Noga Alon.
Disjoint paths, isoperimetric problems, and graph eigenvalues 
Abstract:
The spectral properties of a graph are intimately related to its
structure. This can be applied in the study of discrete isoperimetric
problems and in the investigation of extremal and algorithmic questions
for graphs. I will discuss several recent examples illustrating this
theme. 
Manuel Blum. Can (Theoretical Computer) Science Get a Grip on Consciousness? 
Abstract:
To come to grips with consciousness, I postulate that living entities in
general, and human beings in particular, are mechanisms... marvelous
mechanisms to be sure but not magical ones... just mechanisms. On this
basis, I look to explain some of the paradoxes of consciousness such as
Samuel Johnson's "All theory is against the freedom of the will; all
experience is for it."
I will explain concepts of selfawareness and free will from a mechanistic
view. My explanations make use of computer science and suggest why these
phenomena would exist even in a completely deterministic world.
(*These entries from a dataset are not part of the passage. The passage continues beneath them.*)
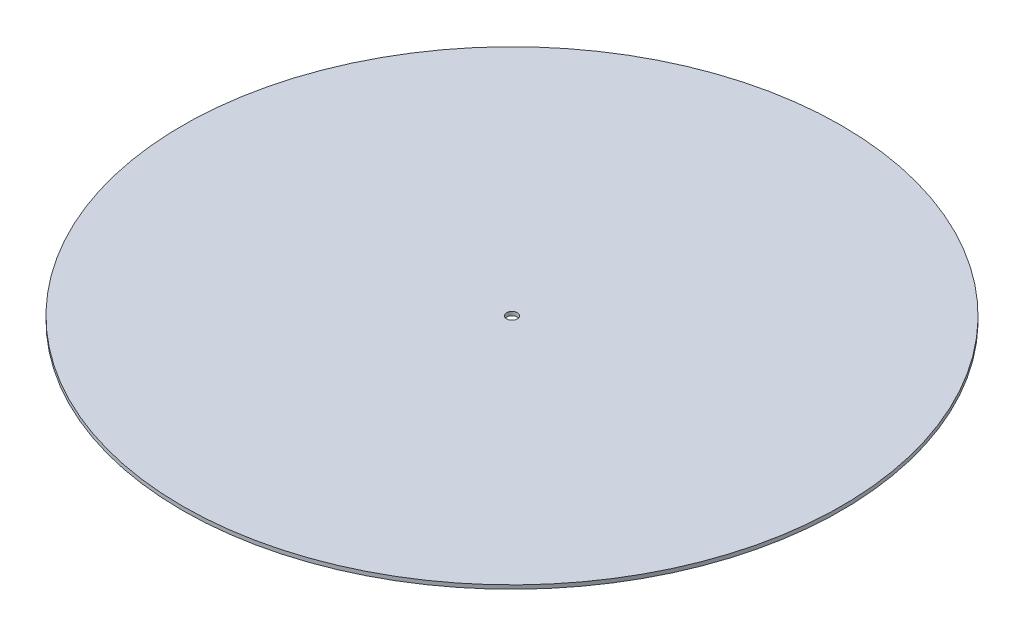
SolidWorks part; units mm, degrees
material "Pine"
ref_plane "Front Plane" through (0, 0, 0) normal (0, 0, 1) x (1, 0, 0)
ref_plane "Top Plane" through (0, 0, 0) normal (0, 1, 0) x (1, 0, 0)
ref_plane "Right Plane" through (0, 0, 0) normal (1, 0, 0) x (0, 0, -1)
sketch "Sketch1" plane through (0, 0, 0) normal (0, 1, 0) x (1, 0, 0)
  circle A0 centre (0, 0) radius 550
  circle A1 centre (0, 0) radius 9
  dimension "D1" = 1100
  dimension "D2" = 18
extrude "Boss-Extrude1" add sketch "Sketch1" along normal blind 6.35
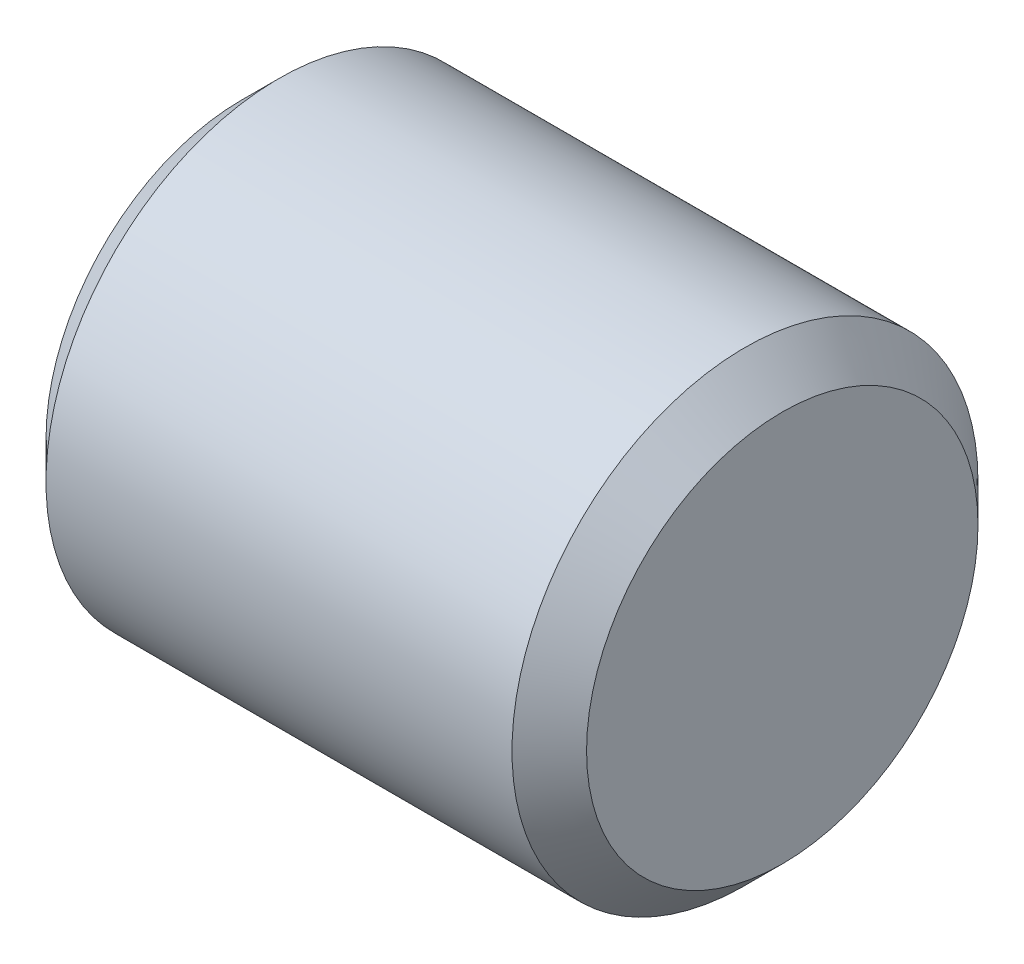
SolidWorks part; units mm, degrees
ref_plane "Front Plane" through (0, 0, 0) normal (0, 0, 1) x (1, 0, 0)
ref_plane "Top Plane" through (0, 0, 0) normal (0, 1, 0) x (1, 0, 0)
ref_plane "Right Plane" through (0, 0, 0) normal (1, 0, 0) x (0, 0, -1)
sketch "Sketch2" plane through (0, 0, 0) normal (1, 0, 0) x (0, 0, -1)
  circle A0 centre (0, 0) radius 7.9375
  dimension "D1" = 15.875
extrude "Boss-Extrude1" add sketch "Sketch2" along normal blind 18.415
chamfer "Chamfer1" distance 1.27 angle 45 2 edges at (18.415, 0, -7.9375) (0, 0, -7.9375)
sketch "Sketch3" plane through (18.415, 0, 0) normal (1, 0, 0) x (0, 0, -1)
  circle A0 centre (0, 0) radius 2.6221
sketch "Sketch4" plane through (0, 0, 0) normal (-1, 0, 0) x (0, 0, 1)
  line L0 (-2.8511, 1.397) -> (2.8511, 1.397)
  arc A0 (-2.8511, 1.397) -> (2.8511, 1.397) centre (0, 0) ccw
  dimension "D1" = 3.175
  dimension "D2" = 4.572
extrude "Cut-Extrude2" cut sketch "Sketch4" against normal offset from surface (15.24 mm away) 3.175 up to face at (18.415, 0, -6.6675)
sketch "Sketch5" plane through (0, 0, 0) normal (-1, 0, 0) x (0, 0, 1)
  circle A0 centre (0, 0) radius 3.81
  dimension "D1" = 7.62
extrude "Cut-Extrude3" cut sketch "Sketch5" against normal blind 3.175
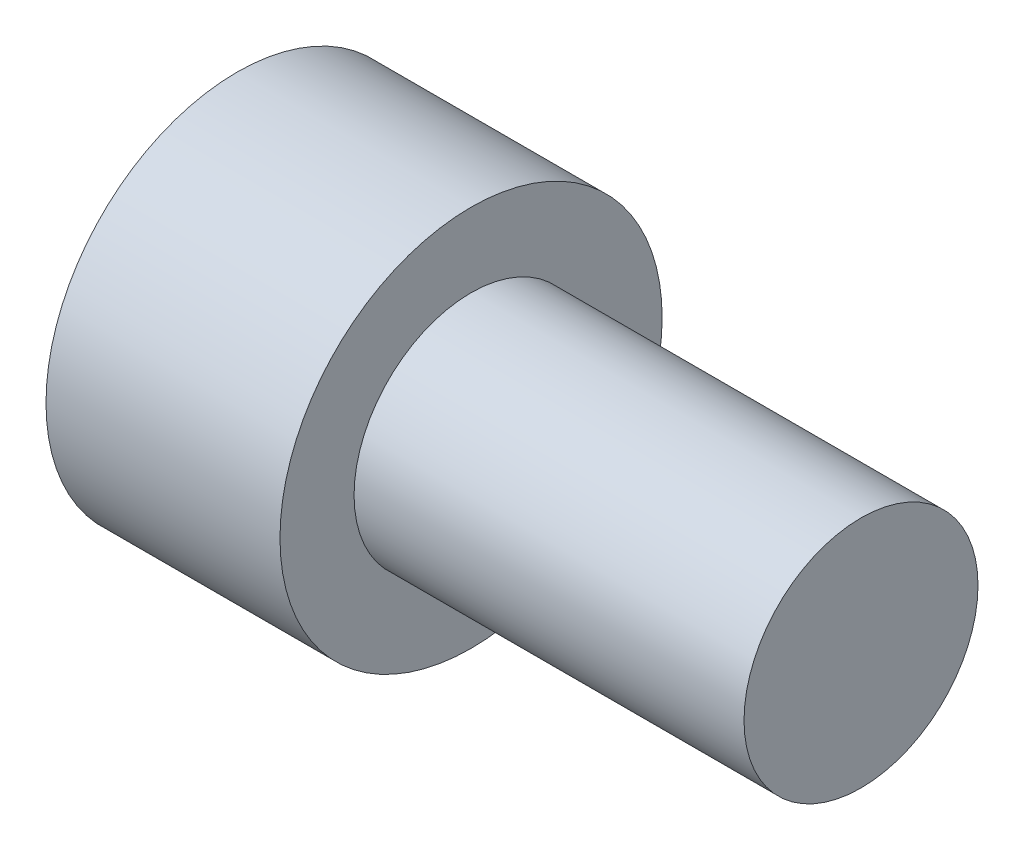
SolidWorks part; units mm, degrees
ref_plane "Front Plane" through (0, 0, 0) normal (0, 0, 1) x (1, 0, 0)
ref_plane "Top Plane" through (0, 0, 0) normal (0, 1, 0) x (1, 0, 0)
ref_plane "Right Plane" through (0, 0, 0) normal (1, 0, 0) x (0, 0, -1)
sketch "Sketch1" plane through (0, 0, 0) normal (0, 1, 0) x (1, 0, 0)
  line L0 (19.05, 15.5575) -> (19.05, 0)
  line L1 (0, 0) -> (19.05, 0) construction
  line L2 (0, 0) -> (0, 19.05) construction
  line L3 (19.05, 0) -> (0, 0)
  line L5 (9.525, 0) -> (9.525, 32.3839) construction
  line L6 (8.73, 15.5575) -> (19.05, 15.5575)
  line L8 (0, 0) -> (0, 15.5575)
  line L9 (0, 6.329) -> (0, 8.02)
  line L10 (0, 9.525) -> (0, 10.2981)
  line L13 (0, 8.02) -> (0, 19.05)
  line L16 (0.79, 15.5575) -> (8.73, 15.5575)
  line L17 (0, 19.05) -> (0, 15.5575)
  line L18 (0, 15.5575) -> (0.79, 15.5575)
  dimension "D1" = 15.5575
  dimension "D2" = 19.05
  dimension "D3" = 19.05
revolve "Revolve1" add sketch "Sketch1" angle 360 about L1
sketch3d "3DSketch1" plane through (0, 0, 0) normal (0, 0, 1) x (1, 0, 0)
  dimension "D1" = 10
sketch "Sketch4" plane through (19.05, 0, 0) normal (1, 0, 0) x (0, 0, -1)
  circle A0 centre (0, 0) radius 9.525
extrude "Boss-Extrude1" add sketch "Sketch4" along normal blind 31.75
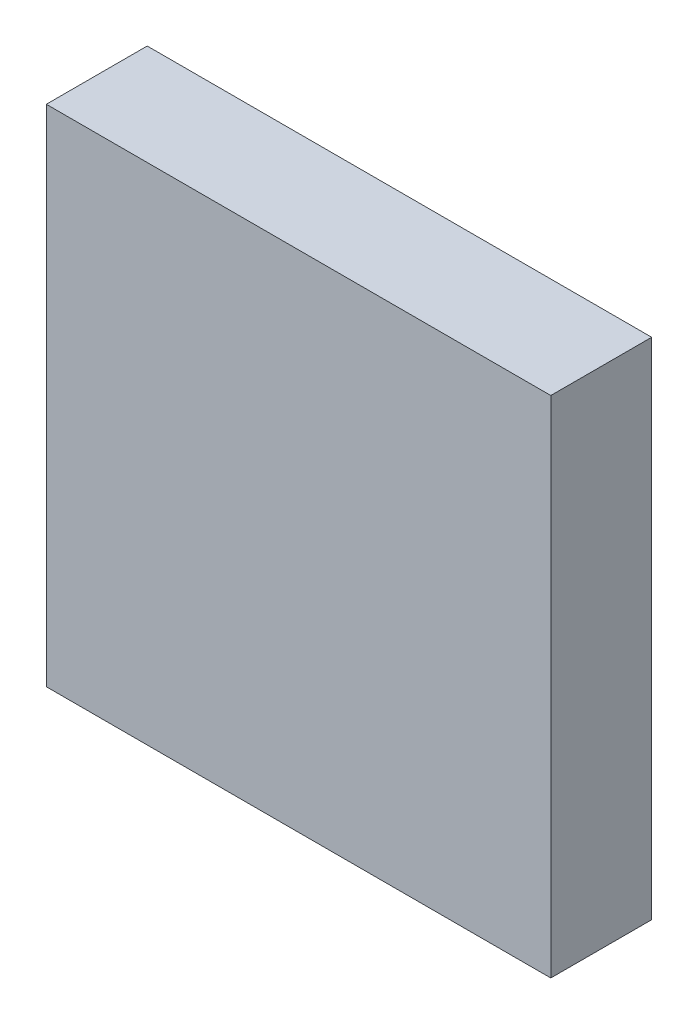
SolidWorks part; units mm, degrees
ref_plane "Спереди" through (0, 0, 0) normal (0, 0, 1) x (1, 0, 0)
ref_plane "Сверху" through (0, 0, 0) normal (0, 1, 0) x (1, 0, 0)
ref_plane "Справа" through (0, 0, 0) normal (1, 0, 0) x (0, 0, -1)
sketch "Эскиз1" plane through (0, 0, 0) normal (0, 0, 1) x (1, 0, 0)
  line L1 (-10, 10) -> (10, 10)
  line L2 (-10, 10) -> (-10, -10)
  line L3 (-10, -10) -> (10, -10)
  line L4 (10, 10) -> (10, -10)
  line L5 (-10, 10) -> (10, -10) construction
  line L6 (-10, -10) -> (10, 10) construction
  point P0 (0, 0)
  dimension "D1" = 20
  dimension "D2" = 20
extrude "Бобышка-Вытянуть1" add sketch "Эскиз1" along normal blind 4
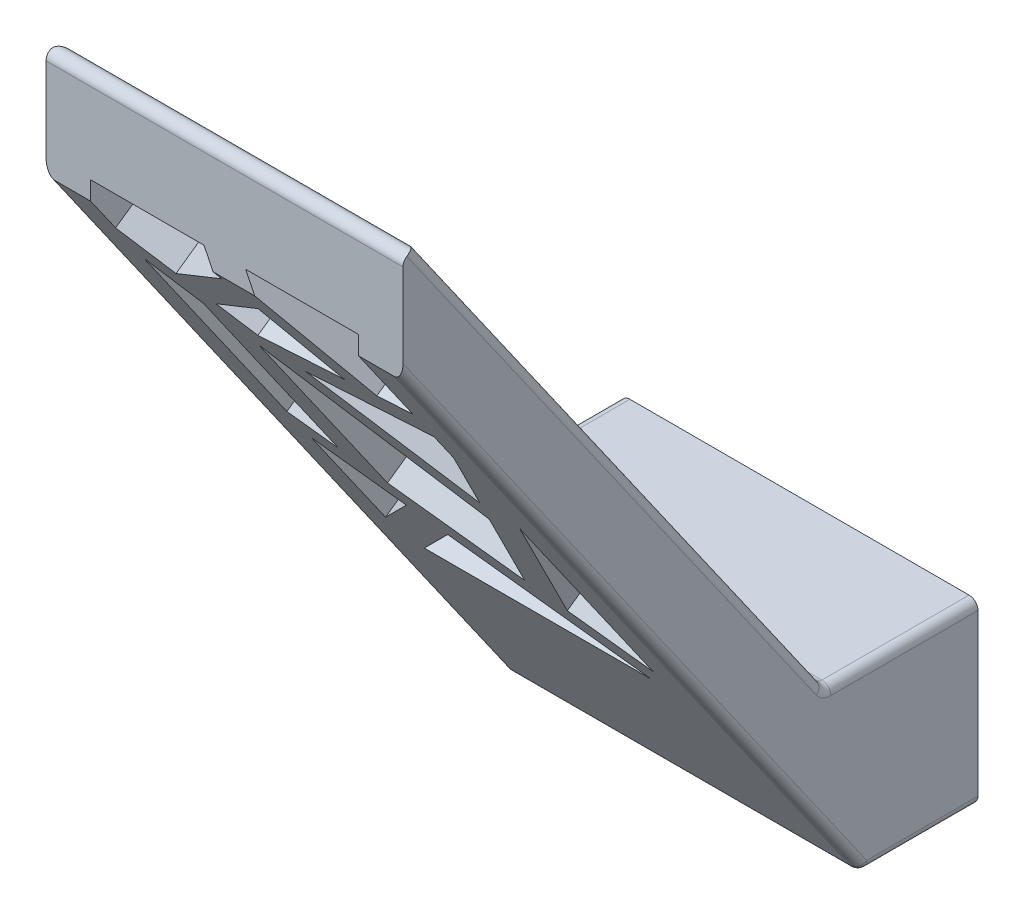
SolidWorks part; units mm, degrees
ref_plane "Front Plane" through (0, 0, 0) normal (0, 0, 1) x (1, 0, 0)
ref_plane "Top Plane" through (0, 0, 0) normal (0, 1, 0) x (1, 0, 0)
ref_plane "Right Plane" through (0, 0, 0) normal (1, 0, 0) x (0, 0, -1)
sketch "Sketch1" plane through (0, 0, 0) normal (0, 0, 1) x (1, 0, 0)
  line L1 (-73, 11.5) -> (-93, 11.5)
  line L2 (-73, 11.5) -> (-73, 21.5)
  line L3 (-73, 21.5) -> (-93, 21.5)
  line L4 (-93, 11.5) -> (-93, 21.5)
extrude "Boss-Extrude1" add sketch "Sketch1" along normal blind 5
sketch "Sketch2" plane through (-93, 0, 0) normal (-1, 0, 0) x (0, 0, 1)
  line L0 (0, 16.5) -> (5, 16.5) construction
  line L1 (0, 21.5) -> (0, 11.5) construction
  line L2 (5, 21.5) -> (5, 11.5) construction
  line L3 (5, 16.5) -> (1.499, 11.5)
  line L4 (5, 11.5) -> (0, 11.5) construction
  line L5 (1.499, 11.5) -> (6.499, 11.5)
  line L6 (6.499, 11.5) -> (32.2081, 48.2164)
  line L7 (8.501, 21.5) -> (32.2081, 55.3571)
  line L9 (32.2081, 55.3571) -> (32.2081, 48.2164)
  line L10 (5, 21.5) -> (8.501, 21.5)
  line L12 (5, 16.5) -> (5, 21.5)
  dimension "D1" = 35
  dimension "D2" = 5
extrude "Boss-Extrude2" add sketch "Sketch2" against normal up to surface (20 mm away) up to face at (-73, 16.5, 2.5)
sketch "Sketch3" plane through (0, 3.0791, -4.3974) normal (0, 0.5736, -0.8192) x (-1, 0, 0)
  line L0 (93, 58.8197) -> (73, 58.8197)
  line L1 (93, 63.8197) -> (93, 22.4878) construction
  line L2 (73, 22.4878) -> (73, 63.8197) construction
  line L3 (75.5, 58.8197) -> (75.5, 27.4878)
  line L4 (75.5, 27.4878) -> (90.5, 27.4878)
  line L5 (90.5, 27.4878) -> (90.5, 58.8197)
  line L6 (73, 63.8197) -> (93, 63.8197) construction
  line L7 (73, 22.4878) -> (93, 22.4878) construction
  line L8 (90.5, 38.8025) -> (88.3831, 37.4432)
  line L10 (76.5806, 27.4878) -> (84.9126, 32.8379)
  line L11 (90.5, 36.4257) -> (90.5, 38.8025)
  line L12 (80.76, 32.5482) -> (78.13, 40.6087)
  line L13 (75.5, 48.6691) -> (75.5, 42.2215)
  line L14 (75.5, 42.2215) -> (79.0207, 31.4314)
  line L16 (78.13, 40.6087) -> (86.3831, 48.6959)
  line L17 (90.5, 52.7301) -> (90.5, 55.5303)
  line L18 (90.5, 55.5303) -> (88.3347, 53.4085)
  line L20 (88.3831, 50.6557) -> (88.3831, 37.4432)
  line L22 (86.3831, 36.1589) -> (86.3831, 48.6959)
  line L24 (85.3975, 50.5303) -> (79.8807, 51.703)
  line L25 (75.5, 52.6342) -> (75.5, 50.5895)
  line L26 (75.5, 50.5895) -> (83.6828, 48.8501)
  line L28 (79.8807, 51.703) -> (82.3534, 55.8263)
  line L29 (84.1484, 58.8197) -> (81.8164, 58.8197)
  line L30 (81.8164, 58.8197) -> (77.8124, 52.1426)
  line L32 (83.3951, 57.5635) -> (88.3347, 53.4085)
  line L34 (86.8996, 52.0022) -> (82.3534, 55.8263)
  line L36 (75.5, 29.1707) -> (75.5, 27.4878)
  line L37 (76.5806, 27.4878) -> (75.5, 27.4878)
  line L38 (75.5, 27.4878) -> (75.5, 29.1707)
  line L39 (75.5, 27.4878) -> (76.5806, 27.4878)
  line L40 (75.5, 27.4878) -> (75.5, 29.1707)
  line L41 (90.5, 36.4257) -> (90.5, 38.8025)
  line L42 (84.9126, 32.8379) -> (89.293, 27.4878)
  line L43 (89.293, 27.4878) -> (90.5, 27.4878)
  line L44 (90.5, 29.1707) -> (86.6068, 33.9258)
  line L46 (90.5, 29.1707) -> (90.5, 27.4878)
  line L47 (76.5806, 27.4878) -> (75.5, 27.4878)
  line L48 (75.5, 29.1707) -> (75.5, 27.4878)
  line L49 (90.5, 36.4257) -> (90.5, 38.8025)
  line L50 (86.6068, 33.9258) -> (90.5, 36.4257)
  line L51 (79.0207, 31.4314) -> (75.5, 29.1707)
  line L52 (86.3831, 36.1589) -> (80.76, 32.5482)
  line L53 (77.4377, 42.7304) -> (75.5, 48.6691)
  line L54 (83.6828, 48.8501) -> (77.4377, 42.7304)
  line L55 (86.8996, 52.0022) -> (85.3975, 50.5303)
  line L56 (77.8124, 52.1426) -> (75.5, 52.6342)
  line L57 (83.3951, 57.5635) -> (84.1484, 58.8197)
  line L58 (88.3831, 50.6557) -> (90.5, 52.7301)
  point P42 (88.3831, 44.0495)
  dimension "D1" = 2.5
  dimension "D2" = 2.5
  dimension "D3" = 5
  dimension "D4" = 5
  dimension "D5" = 2
  dimension "D6" = 2
  dimension "D7" = 2
  dimension "D8" = 2
  dimension "D9" = 2
  dimension "D10" = 2
  dimension "D11" = 2
  dimension "D12" = 2
extrude "Cut-Extrude1" cut sketch "Sketch3" against normal up to surface (4.0958 mm away) contours L50 L44 L5 | L42 L10 L4 | L51 L14 L3 | L54 L26 L3 L53 | L56 L30 L0 L3 | L57 L32 L18 L5 L0 | L55 L34 L28 L24 | L58 L20 L8 L5 | L52 L22 L16 L12 up to face at (-83, 29.8582, 19.3535)
fillet "Fillet1" radius 0.5 45 edges at (-93, 21.5, 4.2505) (-73, 21.5, 4.2505) (-75.5, 43.733, 24.0688) (-76.4689, 40.5142, 21.8149) (-80.5603, 40.5883, 21.8668) (-79.5914, 43.8072, 24.1207) (-78.6582, 51.2614, 29.3402) (-75.5, 48.7279, 27.5662) (-76.6562, 45.9932, 25.6513) (-79.8144, 48.5266, 27.4253) (-82.9368, 25.5958, 11.3689) (-87.1028, 27.7871, 12.9033) (-80.7466, 27.7871, 12.9033) (-75.5, 32.3196, 16.077) (-77.2603, 27.9003, 12.9825) (-77.2603, 33.2455, 16.7254) (-90.5, 29.9458, 14.4148) (-88.5534, 31.8934, 15.7785) (-88.5534, 28.9219, 13.6979) (-83, 55.3571, 32.2081) (-73, 38.4286, 20.3545) (-93, 38.4286, 20.3545) (-83, 21.5, 8.501) (-81.1171, 47.1205, 26.4407) (-82.6391, 44.9514, 24.9219) (-86.1485, 45.0739, 25.0077) (-84.6265, 47.2431, 26.5265) (-89.4173, 47.6978, 26.8449) (-90.5, 49.9141, 28.3968) (-87.3242, 51.2614, 29.3402) (-83.7718, 50.7469, 28.9799) (-85.8649, 48.5306, 27.428) (-89.4415, 34.3075, 17.4689) (-90.5, 40.5687, 21.8531) (-89.4415, 45.4235, 25.2524) (-88.3831, 39.1623, 20.8683) (-82.2565, 39.6561, 21.2141) (-79.445, 33.0424, 16.5831) (-83.5715, 31.2199, 15.307) (-86.3831, 37.8336, 19.938) (-83, 11.5, 6.499) (-93, 29.8582, 19.3535) (-73, 29.8582, 19.3535) (-93, 11.5, 3.2495) (-73, 11.5, 3.2495)
sketch "Sketch4" plane through (0, 0, 0) normal (0, 0, -1) x (-1, 0, 0)
  circle A0 centre (78, 16.5) radius 0.5
  circle A1 centre (88, 16.5) radius 0.5
extrude "Cut-Extrude2" cut sketch "Sketch4" against normal offset from surface (8.7792 mm away) 1

This is
particularly striking for free will.
The impressions of our senses, like the sense of the color blue, the sound
of a tone, etc. are to be expected of a mechanism with enormously many
inputs categorized into similarity classes of sight, sound, etc. Other
phenomena such as the "bite" of pain are works in progress. I show the
direction that my thinking takes and say something about what I've found and
what I'm still looking for. Fortunately, the sciences are discovering a
great deal about the brain, and their discoveries help enormously in guiding
and verifying the results of this work.
Power Point presentation 
Richard Karp.
What Makes an Algorithm Great? 
Abstract:
From time to time a new algorithm comes along that causes a
sensation in theoretical computer science or in an area of application
because of its resolution of a longstanding open question, its surprising
efficiency, its practical usefulness, the novelty of its setting or
approach, the elegance of its structure, the subtlety of its analysis or
its range of applications. We will give examples of algorithms that
qualify for greatness for one or more of these reasons, and discuss how to
equip students to appreciate them and understand their strengths and
weaknesses. Power Point presentation

Mihalis Yannakakis.
Computational Aspects of Equilibria 
Abstract:
Many models from a variety of areas involve the computation
of an equilibrium or fixed point of some kind.
Examples include Nash equilibria in games;
price equilibria in markets;
optimal strategies and the values of competitive games
(stochastic and other games);
stable configurations of neural networks;
analysis of the evolution of various types of dynamic stochastic models.
It is not known whether these problems can be solved in polynomial time.
Despite their broad diversity, there are certain common
computational principles that underlie different types of equilibria
and connect many of these problems to each other.
In this talk we will discuss some of these common principles
and the corresponding complexity classes that capture them;
the effect on the complexity of the underlying computational framework;
and the relationship with other open questions in computation.